James, Williams, McElroy & Diehl, P.A., by William K. Diehl, Jr., Charlotte, for defendant appellant.
Defendant first assigns as error the failure of the trial court to suppress evidence seized under the search warrant, contending that the affidavit upon which the search warrant was issued, was insufficient to establish probable cause. The affidavit, in pertinent part reads:
Having applied the tests of sufficiency as set forth by the United States Supreme Court in Aguilar v. Texas, 378 U.S. 108, 84 S.Ct. 1509, 12 L.Ed.2d 723 (1964); Spinelli v. United States, 393 U.S. 410, 89 S.Ct. 584, 21 L.Ed.2d 637 (1969), and United States v. Harris, 403 U.S. 573, 91 S.Ct. 2075, 29 L.Ed.2d 723 (1971), in applying the Fourth Amendment to the Federal Constitution and as adopted by our State courts in State v. Shirley, 12 N.C.App. 440, 183 S.E.2d 880 (1971), cert. den. 279 N.C. 729, 184 S.E. 885 (1971); State v. Flowers, 12 N.C.App. 487, 183 S.E.2d 820 (1971), cert. den. 279 N.C. 728, 184 S.E.2d 885 (1971); State v. Foye, 14 N.C.App. 200, 188 S.E.2d 67 (1972); State v. McKoy, 16 N.C.App. 349, 191 S.E.2d 897 (1972), cert. den. 282 N.C. 584, 193 S.E.2d 744 (1973); State v. Shanklin, 16 N.C.App. 712, 193 S.E.2d 341 (1972), cert. den. 282 N.C. 674, 194 S.E.2d 154 (1973); State v. McCuien, 17 N.C.App. 109, 193 S.E.2d 349 (1972), and State v. Ellington, 18 N.C.App. 273, 196 S.E.2d 629 (1973), we conclude the affidavit was sufficient to establish probable cause to issue a search warrant as required by G.S. § 15--26(b).
By his second assignment of error defendant contends that he was denied due process of law when the trial court refused to allow him to examine, before trial, the State's chemist and evidence, and refused to grant a continuance to allow such examination; that these actions violated the provisions of G.S. § 15--155.4 and constituted an abuse of the court's discretion. We find no merit in this assignment.

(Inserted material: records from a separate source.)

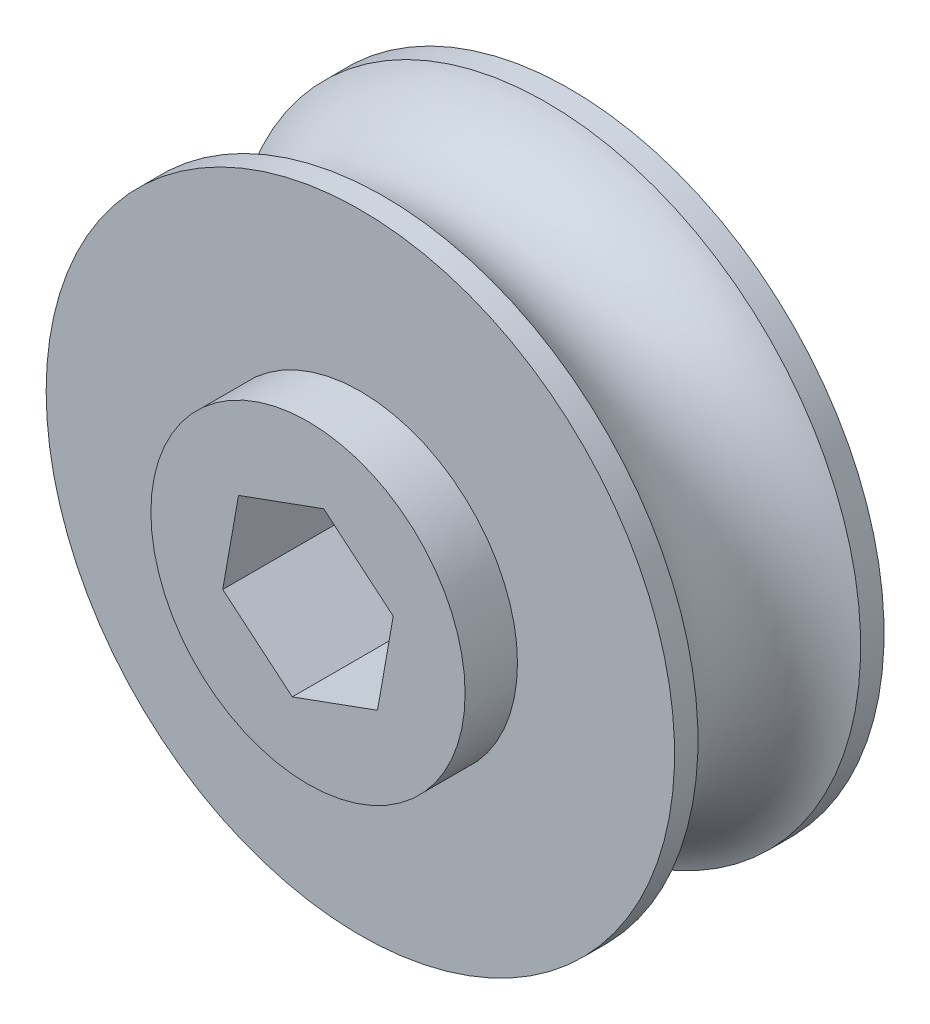
ISO-10303-21;
HEADER;
FILE_DESCRIPTION(('STEP AP214'),'2;1');
FILE_NAME('part.step','',(''),(''),'','','');
FILE_SCHEMA(('AUTOMOTIVE_DESIGN { 1 0 10303 214 1 1 1 1 }'));
ENDSEC;
DATA;
#1=APPLICATION_CONTEXT('core data for automotive mechanical design processes');
#2=APPLICATION_PROTOCOL_DEFINITION('international standard','automotive_design',2000,#1);
#3=PRODUCT_CONTEXT('',#1,'mechanical');
#4=PRODUCT('Part','Part','',(#3));
#5=PRODUCT_RELATED_PRODUCT_CATEGORY('part','',(#4));
#6=PRODUCT_DEFINITION_FORMATION('','',#4);
#7=PRODUCT_DEFINITION_CONTEXT('part definition',#1,'design');
#8=PRODUCT_DEFINITION('design','',#6,#7);
#9=PRODUCT_DEFINITION_SHAPE('','',#8);
#10=(LENGTH_UNIT() NAMED_UNIT(*) SI_UNIT(.MILLI.,.METRE.));
#11=(NAMED_UNIT(*) PLANE_ANGLE_UNIT() SI_UNIT($,.RADIAN.));
#12=(NAMED_UNIT(*) SI_UNIT($,.STERADIAN.) SOLID_ANGLE_UNIT());
#13=UNCERTAINTY_MEASURE_WITH_UNIT(LENGTH_MEASURE(1.E-05),#10,'distance_accuracy_value','');
#14=(GEOMETRIC_REPRESENTATION_CONTEXT(3) GLOBAL_UNCERTAINTY_ASSIGNED_CONTEXT((#13)) GLOBAL_UNIT_ASSIGNED_CONTEXT((#10,
#11,#12)) REPRESENTATION_CONTEXT('',''));
#15=CARTESIAN_POINT('',(0.,0.,0.));
#16=DIRECTION('',(0.,0.,1.));
#17=DIRECTION('',(1.,0.,0.));
#18=AXIS2_PLACEMENT_3D('',#15,#16,#17);
#19=CARTESIAN_POINT('',(0.,0.,15.875));
#20=DIRECTION('',(0.,0.,1.));
#21=DIRECTION('',(1.,0.,0.));
#22=AXIS2_PLACEMENT_3D('',#19,#20,#21);
#23=PLANE('',#22);
#24=DIRECTION('',(-0.173570076525815,-0.984821521157424,0.));
#25=VECTOR('',#24,1.);
#26=CARTESIAN_POINT('',(-5.16746609806817,-1.88126795680899,15.875));
#27=LINE('',#26,#25);
#28=CARTESIAN_POINT('',(-5.16746609806816,-1.88126795680899,15.875));
#29=VERTEX_POINT('',#28);
#30=CARTESIAN_POINT('',(-4.21295889095631,3.53452293571739,15.875));
#31=VERTEX_POINT('',#30);
#32=EDGE_CURVE('E116',#29,#31,#27,.F.);
#33=ORIENTED_EDGE('',*,*,#32,.T.);
#34=DIRECTION('',(-0.939665493778871,-0.342094664970547,0.));
#35=VECTOR('',#34,1.);
#36=CARTESIAN_POINT('',(-4.2129588909563,3.53452293571738,15.875));
#37=LINE('',#36,#35);
#38=CARTESIAN_POINT('',(0.954507207111848,5.41579089252637,15.875));
#39=VERTEX_POINT('',#38);
#40=EDGE_CURVE('E111',#31,#39,#37,.F.);
#41=ORIENTED_EDGE('',*,*,#40,.T.);
#42=DIRECTION('',(-0.766095417253056,0.642726856186877,0.));
#43=VECTOR('',#42,1.);
#44=CARTESIAN_POINT('',(0.954507207111846,5.41579089252637,15.875));
#45=LINE('',#44,#43);
#46=CARTESIAN_POINT('',(5.16746609806817,1.88126795680899,15.875));
#47=VERTEX_POINT('',#46);
#48=EDGE_CURVE('E73',#39,#47,#45,.F.);
#49=ORIENTED_EDGE('',*,*,#48,.T.);
#50=DIRECTION('',(0.173570076525816,0.984821521157424,0.));
#51=VECTOR('',#50,1.);
#52=CARTESIAN_POINT('',(5.16746609806817,1.88126795680899,15.875));
#53=LINE('',#52,#51);
#54=CARTESIAN_POINT('',(4.2129588909563,-3.53452293571739,15.875));
#55=VERTEX_POINT('',#54);
#56=EDGE_CURVE('E71',#47,#55,#53,.F.);
#57=ORIENTED_EDGE('',*,*,#56,.T.);
#58=DIRECTION('',(0.939665493778871,0.342094664970547,0.));
#59=VECTOR('',#58,1.);
#60=CARTESIAN_POINT('',(4.2129588909563,-3.53452293571738,15.875));
#61=LINE('',#60,#59);
#62=CARTESIAN_POINT('',(-0.95450720711185,-5.41579089252637,15.875));
#63=VERTEX_POINT('',#62);
#64=EDGE_CURVE('E68',#55,#63,#61,.F.);
#65=ORIENTED_EDGE('',*,*,#64,.T.);
#66=DIRECTION('',(0.766095417253055,-0.642726856186877,0.));
#67=VECTOR('',#66,1.);
#68=CARTESIAN_POINT('',(-0.954507207111849,-5.41579089252637,15.875));
#69=LINE('',#68,#67);
#70=EDGE_CURVE('E121',#63,#29,#69,.F.);
#71=ORIENTED_EDGE('',*,*,#70,.T.);
#72=EDGE_LOOP('',(#33,#41,#49,#57,#65,#71));
#73=FACE_BOUND('',#72,.T.);
#74=CARTESIAN_POINT('',(0.,0.,15.875));
#75=DIRECTION('',(0.,0.,-1.));
#76=DIRECTION('',(-1.,0.,0.));
#77=AXIS2_PLACEMENT_3D('',#74,#75,#76);
#78=CIRCLE('',#77,9.525);
#79=CARTESIAN_POINT('',(-9.525,0.,15.875));
#80=VERTEX_POINT('',#79);
#81=EDGE_CURVE('E20',#80,#80,#78,.T.);
#82=ORIENTED_EDGE('',*,*,#81,.F.);
#83=EDGE_LOOP('',(#82));
#84=FACE_BOUND('',#83,.T.);
#85=ADVANCED_FACE('F17',(#73,#84),#23,.T.);
#86=CARTESIAN_POINT('',(0.,0.,15.875));
#87=DIRECTION('',(0.,0.,-1.));
#88=DIRECTION('',(-1.,0.,0.));
#89=AXIS2_PLACEMENT_3D('',#86,#87,#88);
#90=CYLINDRICAL_SURFACE('',#89,9.525);
#91=CARTESIAN_POINT('',(0.,0.,12.7));
#92=DIRECTION('',(0.,0.,-1.));
#93=DIRECTION('',(-1.,0.,0.));
#94=AXIS2_PLACEMENT_3D('',#91,#92,#93);
#95=CIRCLE('',#94,9.525);
#96=CARTESIAN_POINT('',(-9.525,0.,12.7));
#97=VERTEX_POINT('',#96);
#98=EDGE_CURVE('E99',#97,#97,#95,.T.);
#99=ORIENTED_EDGE('',*,*,#98,.F.);
#100=EDGE_LOOP('',(#99));
#101=FACE_BOUND('',#100,.T.);
#102=ORIENTED_EDGE('',*,*,#81,.T.);
#103=EDGE_LOOP('',(#102));
#104=FACE_BOUND('',#103,.T.);
#105=ADVANCED_FACE('F182',(#101,#104),#90,.T.);
#106=CARTESIAN_POINT('',(5.16746609806817,1.88126795680899,15.875));
#107=DIRECTION('',(0.984821521157424,-0.173570076525816,0.));
#108=DIRECTION('',(0.173570076525816,0.984821521157424,0.));
#109=AXIS2_PLACEMENT_3D('',#106,#107,#108);
#110=PLANE('',#109);
#111=DIRECTION('',(0.,0.,1.));
#112=VECTOR('',#111,1.);
#113=CARTESIAN_POINT('',(4.2129588909563,-3.53452293571738,15.875));
#114=LINE('',#113,#112);
#115=CARTESIAN_POINT('',(4.2129588909563,-3.53452293571739,0.));
#116=VERTEX_POINT('',#115);
#117=EDGE_CURVE('E78',#116,#55,#114,.T.);
#118=ORIENTED_EDGE('',*,*,#117,.T.);
#119=ORIENTED_EDGE('',*,*,#56,.F.);
#120=DIRECTION('',(0.,0.,1.));
#121=VECTOR('',#120,1.);
#122=CARTESIAN_POINT('',(5.16746609806817,1.88126795680899,15.875));
#123=LINE('',#122,#121);
#124=CARTESIAN_POINT('',(5.16746609806817,1.88126795680899,0.));
#125=VERTEX_POINT('',#124);
#126=EDGE_CURVE('E101',#47,#125,#123,.F.);
#127=ORIENTED_EDGE('',*,*,#126,.T.);
#128=DIRECTION('',(-0.173570076525819,-0.984821521157423,0.));
#129=VECTOR('',#128,1.);
#130=CARTESIAN_POINT('',(5.16746609806817,1.88126795680899,0.));
#131=LINE('',#130,#129);
#132=EDGE_CURVE('E89',#125,#116,#131,.T.);
#133=ORIENTED_EDGE('',*,*,#132,.T.);
#134=EDGE_LOOP('',(#118,#119,#127,#133));
#135=FACE_BOUND('',#134,.T.);
#136=ADVANCED_FACE('F88',(#135),#110,.F.);
#137=CARTESIAN_POINT('',(4.2129588909563,-3.53452293571738,15.875));
#138=DIRECTION('',(0.342094664970547,-0.939665493778871,0.));
#139=DIRECTION('',(0.939665493778871,0.342094664970547,0.));
#140=AXIS2_PLACEMENT_3D('',#137,#138,#139);
#141=PLANE('',#140);
#142=DIRECTION('',(0.,0.,1.));
#143=VECTOR('',#142,1.);
#144=CARTESIAN_POINT('',(-0.954507207111849,-5.41579089252637,15.875));
#145=LINE('',#144,#143);
#146=CARTESIAN_POINT('',(-0.954507207111851,-5.41579089252637,0.));
#147=VERTEX_POINT('',#146);
#148=EDGE_CURVE('E85',#147,#63,#145,.T.);
#149=ORIENTED_EDGE('',*,*,#148,.T.);
#150=ORIENTED_EDGE('',*,*,#64,.F.);
#151=ORIENTED_EDGE('',*,*,#117,.F.);
#152=DIRECTION('',(-0.939665493778871,-0.342094664970547,0.));
#153=VECTOR('',#152,1.);
#154=CARTESIAN_POINT('',(4.2129588909563,-3.53452293571738,0.));
#155=LINE('',#154,#153);
#156=EDGE_CURVE('E104',#116,#147,#155,.T.);
#157=ORIENTED_EDGE('',*,*,#156,.T.);
#158=EDGE_LOOP('',(#149,#150,#151,#157));
#159=FACE_BOUND('',#158,.T.);
#160=ADVANCED_FACE('F82',(#159),#141,.F.);
#161=CARTESIAN_POINT('',(-0.954507207111849,-5.41579089252637,15.875));
#162=DIRECTION('',(-0.642726856186877,-0.766095417253055,0.));
#163=DIRECTION('',(0.766095417253055,-0.642726856186877,0.));
#164=AXIS2_PLACEMENT_3D('',#161,#162,#163);
#165=PLANE('',#164);
#166=DIRECTION('',(0.,0.,1.));
#167=VECTOR('',#166,1.);
#168=CARTESIAN_POINT('',(-5.16746609806817,-1.88126795680899,15.875));
#169=LINE('',#168,#167);
#170=CARTESIAN_POINT('',(-5.16746609806816,-1.88126795680899,0.));
#171=VERTEX_POINT('',#170);
#172=EDGE_CURVE('E118',#171,#29,#169,.T.);
#173=ORIENTED_EDGE('',*,*,#172,.T.);
#174=ORIENTED_EDGE('',*,*,#70,.F.);
#175=ORIENTED_EDGE('',*,*,#148,.F.);
#176=DIRECTION('',(-0.766095417253056,0.642726856186877,0.));
#177=VECTOR('',#176,1.);
#178=CARTESIAN_POINT('',(-0.954507207111849,-5.41579089252637,0.));
#179=LINE('',#178,#177);
#180=EDGE_CURVE('E132',#147,#171,#179,.T.);
#181=ORIENTED_EDGE('',*,*,#180,.T.);
#182=EDGE_LOOP('',(#173,#174,#175,#181));
#183=FACE_BOUND('',#182,.T.);
#184=ADVANCED_FACE('F130',(#183),#165,.F.);
#185=CARTESIAN_POINT('',(-5.16746609806817,-1.88126795680899,15.875));
#186=DIRECTION('',(-0.984821521157424,0.173570076525815,0.));
#187=DIRECTION('',(-0.173570076525815,-0.984821521157424,0.));
#188=AXIS2_PLACEMENT_3D('',#185,#186,#187);
#189=PLANE('',#188);
#190=DIRECTION('',(0.,0.,1.));
#191=VECTOR('',#190,1.);
#192=CARTESIAN_POINT('',(-4.2129588909563,3.53452293571738,15.875));
#193=LINE('',#192,#191);
#194=CARTESIAN_POINT('',(-4.21295889095631,3.53452293571739,0.));
#195=VERTEX_POINT('',#194);
#196=EDGE_CURVE('E113',#195,#31,#193,.T.);
#197=ORIENTED_EDGE('',*,*,#196,.T.);
#198=ORIENTED_EDGE('',*,*,#32,.F.);
#199=ORIENTED_EDGE('',*,*,#172,.F.);
#200=DIRECTION('',(0.173570076525819,0.984821521157423,0.));
#201=VECTOR('',#200,1.);
#202=CARTESIAN_POINT('',(-5.16746609806817,-1.88126795680899,0.));
#203=LINE('',#202,#201);
#204=EDGE_CURVE('E134',#171,#195,#203,.T.);
#205=ORIENTED_EDGE('',*,*,#204,.T.);
#206=EDGE_LOOP('',(#197,#198,#199,#205));
#207=FACE_BOUND('',#206,.T.);
#208=ADVANCED_FACE('F126',(#207),#189,.F.);
#209=CARTESIAN_POINT('',(-4.2129588909563,3.53452293571738,15.875));
#210=DIRECTION('',(-0.342094664970547,0.939665493778871,0.));
#211=DIRECTION('',(-0.939665493778871,-0.342094664970547,0.));
#212=AXIS2_PLACEMENT_3D('',#209,#210,#211);
#213=PLANE('',#212);
#214=DIRECTION('',(0.,0.,1.));
#215=VECTOR('',#214,1.);
#216=CARTESIAN_POINT('',(0.954507207111846,5.41579089252637,15.875));
#217=LINE('',#216,#215);
#218=CARTESIAN_POINT('',(0.954507207111848,5.41579089252637,0.));
#219=VERTEX_POINT('',#218);
#220=EDGE_CURVE('E35',#219,#39,#217,.T.);
#221=ORIENTED_EDGE('',*,*,#220,.T.);
#222=ORIENTED_EDGE('',*,*,#40,.F.);
#223=ORIENTED_EDGE('',*,*,#196,.F.);
#224=DIRECTION('',(0.939665493778871,0.342094664970548,0.));
#225=VECTOR('',#224,1.);
#226=CARTESIAN_POINT('',(-4.2129588909563,3.53452293571738,0.));
#227=LINE('',#226,#225);
#228=EDGE_CURVE('E136',#195,#219,#227,.T.);
#229=ORIENTED_EDGE('',*,*,#228,.T.);
#230=EDGE_LOOP('',(#221,#222,#223,#229));
#231=FACE_BOUND('',#230,.T.);
#232=ADVANCED_FACE('F171',(#231),#213,.F.);
#233=CARTESIAN_POINT('',(0.954507207111846,5.41579089252637,15.875));
#234=DIRECTION('',(0.642726856186877,0.766095417253056,0.));
#235=DIRECTION('',(-0.766095417253056,0.642726856186877,0.));
#236=AXIS2_PLACEMENT_3D('',#233,#234,#235);
#237=PLANE('',#236);
#238=ORIENTED_EDGE('',*,*,#126,.F.);
#239=ORIENTED_EDGE('',*,*,#48,.F.);
#240=ORIENTED_EDGE('',*,*,#220,.F.);
#241=DIRECTION('',(0.766095417253056,-0.642726856186877,0.));
#242=VECTOR('',#241,1.);
#243=CARTESIAN_POINT('',(0.954507207111846,5.41579089252637,0.));
#244=LINE('',#243,#242);
#245=EDGE_CURVE('E98',#219,#125,#244,.T.);
#246=ORIENTED_EDGE('',*,*,#245,.T.);
#247=EDGE_LOOP('',(#238,#239,#240,#246));
#248=FACE_BOUND('',#247,.T.);
#249=ADVANCED_FACE('F168',(#248),#237,.F.);
#250=CARTESIAN_POINT('',(0.,19.05,12.7));
#251=DIRECTION('',(0.,0.,1.));
#252=DIRECTION('',(1.,0.,0.));
#253=AXIS2_PLACEMENT_3D('',#250,#251,#252);
#254=PLANE('',#253);
#255=ORIENTED_EDGE('',*,*,#98,.T.);
#256=EDGE_LOOP('',(#255));
#257=FACE_BOUND('',#256,.T.);
#258=CARTESIAN_POINT('',(0.,0.,12.7));
#259=DIRECTION('',(0.,0.,-1.));
#260=DIRECTION('',(-1.,0.,0.));
#261=AXIS2_PLACEMENT_3D('',#258,#259,#260);
#262=CIRCLE('',#261,19.05);
#263=CARTESIAN_POINT('',(-19.05,0.,12.7));
#264=VERTEX_POINT('',#263);
#265=EDGE_CURVE('E96',#264,#264,#262,.T.);
#266=ORIENTED_EDGE('',*,*,#265,.F.);
#267=EDGE_LOOP('',(#266));
#268=FACE_BOUND('',#267,.T.);
#269=ADVANCED_FACE('F165',(#257,#268),#254,.T.);
#270=CARTESIAN_POINT('',(0.,0.,0.));
#271=DIRECTION('',(0.,0.,1.));
#272=DIRECTION('',(1.,0.,0.));
#273=AXIS2_PLACEMENT_3D('',#270,#271,#272);
#274=PLANE('',#273);
#275=ORIENTED_EDGE('',*,*,#228,.F.);
#276=ORIENTED_EDGE('',*,*,#204,.F.);
#277=ORIENTED_EDGE('',*,*,#180,.F.);
#278=ORIENTED_EDGE('',*,*,#156,.F.);
#279=ORIENTED_EDGE('',*,*,#132,.F.);
#280=ORIENTED_EDGE('',*,*,#245,.F.);
#281=EDGE_LOOP('',(#275,#276,#277,#278,#279,#280));
#282=FACE_BOUND('',#281,.T.);
#283=CARTESIAN_POINT('',(0.,0.,0.));
#284=DIRECTION('',(0.,0.,-1.));
#285=DIRECTION('',(-1.,0.,0.));
#286=AXIS2_PLACEMENT_3D('',#283,#284,#285);
#287=CIRCLE('',#286,19.05);
#288=CARTESIAN_POINT('',(-19.05,0.,0.));
#289=VERTEX_POINT('',#288);
#290=EDGE_CURVE('E93',#289,#289,#287,.F.);
#291=ORIENTED_EDGE('',*,*,#290,.F.);
#292=EDGE_LOOP('',(#291));
#293=FACE_BOUND('',#292,.T.);
#294=ADVANCED_FACE('F161',(#282,#293),#274,.F.);
#295=CARTESIAN_POINT('',(0.,0.,11.9908939555463));
#296=DIRECTION('',(0.,0.,-1.));
#297=DIRECTION('',(-1.,0.,0.));
#298=AXIS2_PLACEMENT_3D('',#295,#296,#297);
#299=CYLINDRICAL_SURFACE('',#298,19.05);
#300=CARTESIAN_POINT('',(0.,0.,11.2817879110927));
#301=DIRECTION('',(0.,0.,-1.));
#302=DIRECTION('',(-1.,0.,0.));
#303=AXIS2_PLACEMENT_3D('',#300,#301,#302);
#304=CIRCLE('',#303,19.05);
#305=CARTESIAN_POINT('',(-19.05,0.,11.2817879110927));
#306=VERTEX_POINT('',#305);
#307=EDGE_CURVE('E26',#306,#306,#304,.F.);
#308=ORIENTED_EDGE('',*,*,#307,.T.);
#309=EDGE_LOOP('',(#308));
#310=FACE_BOUND('',#309,.T.);
#311=ORIENTED_EDGE('',*,*,#265,.T.);
#312=EDGE_LOOP('',(#311));
#313=FACE_BOUND('',#312,.T.);
#314=ADVANCED_FACE('F157',(#310,#313),#299,.T.);
#315=CARTESIAN_POINT('',(0.,0.,0.709106044453655));
#316=DIRECTION('',(0.,0.,-1.));
#317=DIRECTION('',(-1.,0.,0.));
#318=AXIS2_PLACEMENT_3D('',#315,#316,#317);
#319=CYLINDRICAL_SURFACE('',#318,19.05);
#320=ORIENTED_EDGE('',*,*,#290,.T.);
#321=EDGE_LOOP('',(#320));
#322=FACE_BOUND('',#321,.T.);
#323=CARTESIAN_POINT('',(0.,0.,1.41821208890731));
#324=DIRECTION('',(0.,0.,-1.));
#325=DIRECTION('',(-1.,0.,0.));
#326=AXIS2_PLACEMENT_3D('',#323,#324,#325);
#327=CIRCLE('',#326,19.05);
#328=CARTESIAN_POINT('',(-19.05,0.,1.41821208890731));
#329=VERTEX_POINT('',#328);
#330=EDGE_CURVE('E11',#329,#329,#327,.T.);
#331=ORIENTED_EDGE('',*,*,#330,.T.);
#332=EDGE_LOOP('',(#331));
#333=FACE_BOUND('',#332,.T.);
#334=ADVANCED_FACE('F153',(#322,#333),#319,.T.);
#335=CARTESIAN_POINT('',(0.,0.,6.35));
#336=DIRECTION('',(0.,0.,-1.));
#337=DIRECTION('',(-1.,0.,0.));
#338=AXIS2_PLACEMENT_3D('',#335,#336,#337);
#339=TOROIDAL_SURFACE('',#338,21.082,5.334);
#340=ORIENTED_EDGE('',*,*,#330,.F.);
#341=EDGE_LOOP('',(#340));
#342=FACE_BOUND('',#341,.T.);
#343=ORIENTED_EDGE('',*,*,#307,.F.);
#344=EDGE_LOOP('',(#343));
#345=FACE_BOUND('',#344,.T.);
#346=ADVANCED_FACE('F150',(#342,#345),#339,.F.);
#347=CLOSED_SHELL('',(#85,#105,#136,#160,#184,#208,#232,#249,#269,#294,#314,#334,#346));
#348=MANIFOLD_SOLID_BREP('B1',#347);
#349=ADVANCED_BREP_SHAPE_REPRESENTATION('',(#18,#348),#14);
#350=SHAPE_DEFINITION_REPRESENTATION(#9,#349);
ENDSEC;
END-ISO-10303-21;

G.S. § 15--155.4 provides that in all criminal cases before the superior court, the assigned judge shall, for good cause shown, order the State to produce evidence and permit expert witnesses to be examined by the defendant. The statute also provides in pertinent part as follows:
'Prior to issuance of any order for the inspecting, examining, copying ortesting of any exhibit or the examination of any expert witness under this section the accused or his counsel shall have made a written request to the solicitor or other counsel for the State for such inspection, examination, copying or testing of one or more specifically identified exhibits or the examination of a specific expert witness and have had such request denied by the solicitor or other counsel for the State or have had such request remain unanswered for a period of more than 15 days.'
The alleged offenses occurred on 7 July 1972, warrants were served on defendant on that date, he was given a preliminary hearing on 31 July 1972, and bills of indictment were returned at the 21 August 1972 session of the court. The record indicates that on Thursday, 1 February 1973, after these cases had been calendared to be tried on 12 February 1973, defendant's counsel (of Charlotte, N.C.) wrote a letter addressed to Solicitor Carroll Lowder, Union County courthouse, Monroe, N.C., requesting the solicitor, pursuant to G.S. § 15--155.4, to produce for counsel's 'inspection, examination and testing' all exhibits intended to be used in the trial of defendant, the exhibits to include any allegedly criminal...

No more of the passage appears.